(Study material Opens)

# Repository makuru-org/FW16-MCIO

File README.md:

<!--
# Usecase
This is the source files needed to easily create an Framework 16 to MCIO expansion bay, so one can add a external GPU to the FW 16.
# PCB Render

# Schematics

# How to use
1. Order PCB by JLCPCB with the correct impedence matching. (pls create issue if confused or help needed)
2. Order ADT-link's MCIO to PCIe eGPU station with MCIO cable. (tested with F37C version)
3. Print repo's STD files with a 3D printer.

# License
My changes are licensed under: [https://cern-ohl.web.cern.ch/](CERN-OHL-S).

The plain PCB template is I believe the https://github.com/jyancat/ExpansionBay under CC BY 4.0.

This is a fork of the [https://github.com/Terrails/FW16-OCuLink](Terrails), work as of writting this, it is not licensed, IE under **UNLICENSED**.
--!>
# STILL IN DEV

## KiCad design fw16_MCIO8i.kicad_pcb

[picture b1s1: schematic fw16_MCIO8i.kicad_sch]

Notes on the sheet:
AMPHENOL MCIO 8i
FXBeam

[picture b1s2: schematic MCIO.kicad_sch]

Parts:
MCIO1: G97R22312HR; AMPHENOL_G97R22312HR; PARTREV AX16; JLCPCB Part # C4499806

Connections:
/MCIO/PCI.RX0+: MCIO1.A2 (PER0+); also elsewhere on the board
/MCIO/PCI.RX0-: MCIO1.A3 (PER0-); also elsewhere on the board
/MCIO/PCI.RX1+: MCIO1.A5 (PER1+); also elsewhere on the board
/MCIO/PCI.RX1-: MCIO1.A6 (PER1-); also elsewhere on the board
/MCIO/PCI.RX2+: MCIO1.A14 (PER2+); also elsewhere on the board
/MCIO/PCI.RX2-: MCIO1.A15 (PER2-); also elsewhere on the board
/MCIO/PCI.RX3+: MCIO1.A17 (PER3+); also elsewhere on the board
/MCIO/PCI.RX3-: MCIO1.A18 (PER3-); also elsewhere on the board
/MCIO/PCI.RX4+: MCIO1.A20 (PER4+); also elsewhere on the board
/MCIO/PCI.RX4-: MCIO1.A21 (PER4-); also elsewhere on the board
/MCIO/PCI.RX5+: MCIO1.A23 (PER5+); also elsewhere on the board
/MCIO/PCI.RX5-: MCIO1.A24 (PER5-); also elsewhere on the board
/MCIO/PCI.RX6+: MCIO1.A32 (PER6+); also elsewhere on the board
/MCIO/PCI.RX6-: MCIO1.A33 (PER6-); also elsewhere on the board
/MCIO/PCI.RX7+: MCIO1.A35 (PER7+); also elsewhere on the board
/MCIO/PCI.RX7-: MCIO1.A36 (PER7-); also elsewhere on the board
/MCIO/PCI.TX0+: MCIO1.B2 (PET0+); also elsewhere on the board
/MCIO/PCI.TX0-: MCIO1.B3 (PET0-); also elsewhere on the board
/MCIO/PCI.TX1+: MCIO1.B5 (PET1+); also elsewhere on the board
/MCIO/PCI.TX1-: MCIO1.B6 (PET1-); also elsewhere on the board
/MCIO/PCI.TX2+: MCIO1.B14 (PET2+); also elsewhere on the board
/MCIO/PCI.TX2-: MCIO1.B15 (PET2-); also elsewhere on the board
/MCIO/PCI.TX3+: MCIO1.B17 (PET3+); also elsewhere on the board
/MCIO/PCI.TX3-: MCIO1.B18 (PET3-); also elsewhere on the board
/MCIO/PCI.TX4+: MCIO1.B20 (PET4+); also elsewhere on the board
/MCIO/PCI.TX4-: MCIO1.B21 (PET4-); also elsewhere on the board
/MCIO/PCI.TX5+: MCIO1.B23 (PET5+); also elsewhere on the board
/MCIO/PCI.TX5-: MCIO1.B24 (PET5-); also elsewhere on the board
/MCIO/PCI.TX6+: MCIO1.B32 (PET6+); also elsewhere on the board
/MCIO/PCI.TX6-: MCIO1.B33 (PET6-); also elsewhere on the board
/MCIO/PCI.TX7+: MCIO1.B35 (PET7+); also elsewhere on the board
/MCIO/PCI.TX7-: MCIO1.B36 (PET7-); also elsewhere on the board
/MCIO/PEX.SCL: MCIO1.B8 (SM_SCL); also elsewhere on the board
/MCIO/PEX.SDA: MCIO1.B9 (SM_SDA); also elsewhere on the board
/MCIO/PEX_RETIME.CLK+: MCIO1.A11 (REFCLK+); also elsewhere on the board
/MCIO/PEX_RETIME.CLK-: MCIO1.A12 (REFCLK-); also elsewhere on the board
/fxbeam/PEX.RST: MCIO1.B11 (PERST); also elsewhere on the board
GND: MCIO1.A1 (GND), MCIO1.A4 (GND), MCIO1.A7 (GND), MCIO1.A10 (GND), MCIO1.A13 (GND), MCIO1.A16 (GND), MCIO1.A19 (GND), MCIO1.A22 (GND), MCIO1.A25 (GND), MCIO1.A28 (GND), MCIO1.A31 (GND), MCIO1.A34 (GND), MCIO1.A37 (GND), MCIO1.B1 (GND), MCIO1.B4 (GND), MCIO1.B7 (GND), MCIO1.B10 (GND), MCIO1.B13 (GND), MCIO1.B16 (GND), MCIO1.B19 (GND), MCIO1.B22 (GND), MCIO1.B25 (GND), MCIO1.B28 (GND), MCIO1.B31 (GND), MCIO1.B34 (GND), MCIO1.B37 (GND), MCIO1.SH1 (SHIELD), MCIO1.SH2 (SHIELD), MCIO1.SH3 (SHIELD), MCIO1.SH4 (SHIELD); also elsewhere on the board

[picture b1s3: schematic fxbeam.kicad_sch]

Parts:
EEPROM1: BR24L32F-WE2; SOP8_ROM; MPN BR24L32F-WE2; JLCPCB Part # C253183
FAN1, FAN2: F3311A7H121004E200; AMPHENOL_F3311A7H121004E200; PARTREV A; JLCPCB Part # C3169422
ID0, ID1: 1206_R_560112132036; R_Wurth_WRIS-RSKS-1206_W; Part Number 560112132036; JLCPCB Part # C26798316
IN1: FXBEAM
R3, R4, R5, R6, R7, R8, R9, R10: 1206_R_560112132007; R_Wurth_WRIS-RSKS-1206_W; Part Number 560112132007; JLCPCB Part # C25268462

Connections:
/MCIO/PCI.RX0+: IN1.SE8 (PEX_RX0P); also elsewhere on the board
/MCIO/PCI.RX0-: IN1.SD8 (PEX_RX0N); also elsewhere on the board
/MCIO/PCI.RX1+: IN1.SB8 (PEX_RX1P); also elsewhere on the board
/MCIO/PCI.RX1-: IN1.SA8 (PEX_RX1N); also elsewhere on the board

(Study material Closes)

### Try it
The entries shown above should be duplicated exactly.

### Output
# Repository makuru-org/FW16-MCIO

File README.md:

<!--
# Usecase
This is the source files needed to easily create an Framework 16 to MCIO expansion bay, so one can add a external GPU to the FW 16.
# PCB Render

# Schematics

# How to use
1. Order PCB by JLCPCB with the correct impedence matching. (pls create issue if confused or help needed)
2. Order ADT-link's MCIO to PCIe eGPU station with MCIO cable. (tested with F37C version)
3. Print repo's STD files with a 3D printer.

# License
My changes are licensed under: [https://cern-ohl.web.cern.ch/](CERN-OHL-S).

The plain PCB template is I believe the https://github.com/jyancat/ExpansionBay under CC BY 4.0.

This is a fork of the [https://github.com/Terrails/FW16-OCuLink](Terrails), work as of writting this, it is not licensed, IE under **UNLICENSED**.
--!>
# STILL IN DEV

## KiCad design fw16_MCIO8i.kicad_pcb

[picture b1s1: schematic fw16_MCIO8i.kicad_sch]

Notes on the sheet:
AMPHENOL MCIO 8i
FXBeam

[picture b1s2: schematic MCIO.kicad_sch]

Parts:
MCIO1: G97R22312HR; AMPHENOL_G97R22312HR; PARTREV AX16; JLCPCB Part # C4499806

Connections:
/MCIO/PCI.RX0+: MCIO1.A2 (PER0+); also elsewhere on the board
/MCIO/PCI.RX0-: MCIO1.A3 (PER0-); also elsewhere on the board
/MCIO/PCI.RX1+: MCIO1.A5 (PER1+); also elsewhere on the board
/MCIO/PCI.RX1-: MCIO1.A6 (PER1-); also elsewhere on the board
/MCIO/PCI.RX2+: MCIO1.A14 (PER2+); also elsewhere on the board
/MCIO/PCI.RX2-: MCIO1.A15 (PER2-); also elsewhere on the board
/MCIO/PCI.RX3+: MCIO1.A17 (PER3+); also elsewhere on the board
/MCIO/PCI.RX3-: MCIO1.A18 (PER3-); also elsewhere on the board
/MCIO/PCI.RX4+: MCIO1.A20 (PER4+); also elsewhere on the board
/MCIO/PCI.RX4-: MCIO1.A21 (PER4-); also elsewhere on the board
/MCIO/PCI.RX5+: MCIO1.A23 (PER5+); also elsewhere on the board
/MCIO/PCI.RX5-: MCIO1.A24 (PER5-); also elsewhere on the board
/MCIO/PCI.RX6+: MCIO1.A32 (PER6+); also elsewhere on the board
/MCIO/PCI.RX6-: MCIO1.A33 (PER6-); also elsewhere on the board
/MCIO/PCI.RX7+: MCIO1.A35 (PER7+); also elsewhere on the board
/MCIO/PCI.RX7-: MCIO1.A36 (PER7-); also elsewhere on the board
/MCIO/PCI.TX0+: MCIO1.B2 (PET0+); also elsewhere on the board
/MCIO/PCI.TX0-: MCIO1.B3 (PET0-); also elsewhere on the board
/MCIO/PCI.TX1+: MCIO1.B5 (PET1+); also elsewhere on the board
/MCIO/PCI.TX1-: MCIO1.B6 (PET1-); also elsewhere on the board
/MCIO/PCI.TX2+: MCIO1.B14 (PET2+); also elsewhere on the board
/MCIO/PCI.TX2-: MCIO1.B15 (PET2-); also elsewhere on the board
/MCIO/PCI.TX3+: MCIO1.B17 (PET3+); also elsewhere on the board
/MCIO/PCI.TX3-: MCIO1.B18 (PET3-); also elsewhere on the board
/MCIO/PCI.TX4+: MCIO1.B20 (PET4+); also elsewhere on the board
/MCIO/PCI.TX4-: MCIO1.B21 (PET4-); also elsewhere on the board
/MCIO/PCI.TX5+: MCIO1.B23 (PET5+); also elsewhere on the board
/MCIO/PCI.TX5-: MCIO1.B24 (PET5-); also elsewhere on the board
/MCIO/PCI.TX6+: MCIO1.B32 (PET6+); also elsewhere on the board
/MCIO/PCI.TX6-: MCIO1.B33 (PET6-); also elsewhere on the board
/MCIO/PCI.TX7+: MCIO1.B35 (PET7+); also elsewhere on the board
/MCIO/PCI.TX7-: MCIO1.B36 (PET7-); also elsewhere on the board
/MCIO/PEX.SCL: MCIO1.B8 (SM_SCL); also elsewhere on the board
/MCIO/PEX.SDA: MCIO1.B9 (SM_SDA); also elsewhere on the board
/MCIO/PEX_RETIME.CLK+: MCIO1.A11 (REFCLK+); also elsewhere on the board
/MCIO/PEX_RETIME.CLK-: MCIO1.A12 (REFCLK-); also elsewhere on the board
/fxbeam/PEX.RST: MCIO1.B11 (PERST); also elsewhere on the board
GND: MCIO1.A1 (GND), MCIO1.A4 (GND), MCIO1.A7 (GND), MCIO1.A10 (GND), MCIO1.A13 (GND), MCIO1.A16 (GND), MCIO1.A19 (GND), MCIO1.A22 (GND), MCIO1.A25 (GND), MCIO1.A28 (GND), MCIO1.A31 (GND), MCIO1.A34 (GND), MCIO1.A37 (GND), MCIO1.B1 (GND), MCIO1.B4 (GND), MCIO1.B7 (GND), MCIO1.B10 (GND), MCIO1.B13 (GND), MCIO1.B16 (GND), MCIO1.B19 (GND), MCIO1.B22 (GND), MCIO1.B25 (GND), MCIO1.B28 (GND), MCIO1.B31 (GND), MCIO1.B34 (GND), MCIO1.B37 (GND), MCIO1.SH1 (SHIELD), MCIO1.SH2 (SHIELD), MCIO1.SH3 (SHIELD), MCIO1.SH4 (SHIELD); also elsewhere on the board

[picture b1s3: schematic fxbeam.kicad_sch]

Parts:
EEPROM1: BR24L32F-WE2; SOP8_ROM; MPN BR24L32F-WE2; JLCPCB Part # C253183
FAN1, FAN2: F3311A7H121004E200; AMPHENOL_F3311A7H121004E200; PARTREV A; JLCPCB Part # C3169422
ID0, ID1: 1206_R_560112132036; R_Wurth_WRIS-RSKS-1206_W; Part Number 560112132036; JLCPCB Part # C26798316
IN1: FXBEAM
R3, R4, R5, R6, R7, R8, R9, R10: 1206_R_560112132007; R_Wurth_WRIS-RSKS-1206_W; Part Number 560112132007; JLCPCB Part # C25268462

Connections:
/MCIO/PCI.RX0+: IN1.SE8 (PEX_RX0P); also elsewhere on the board
/MCIO/PCI.RX0-: IN1.SD8 (PEX_RX0N); also elsewhere on the board
/MCIO/PCI.RX1+: IN1.SB8 (PEX_RX1P); also elsewhere on the board
/MCIO/PCI.RX1-: IN1.SA8 (PEX_RX1N); also elsewhere on the board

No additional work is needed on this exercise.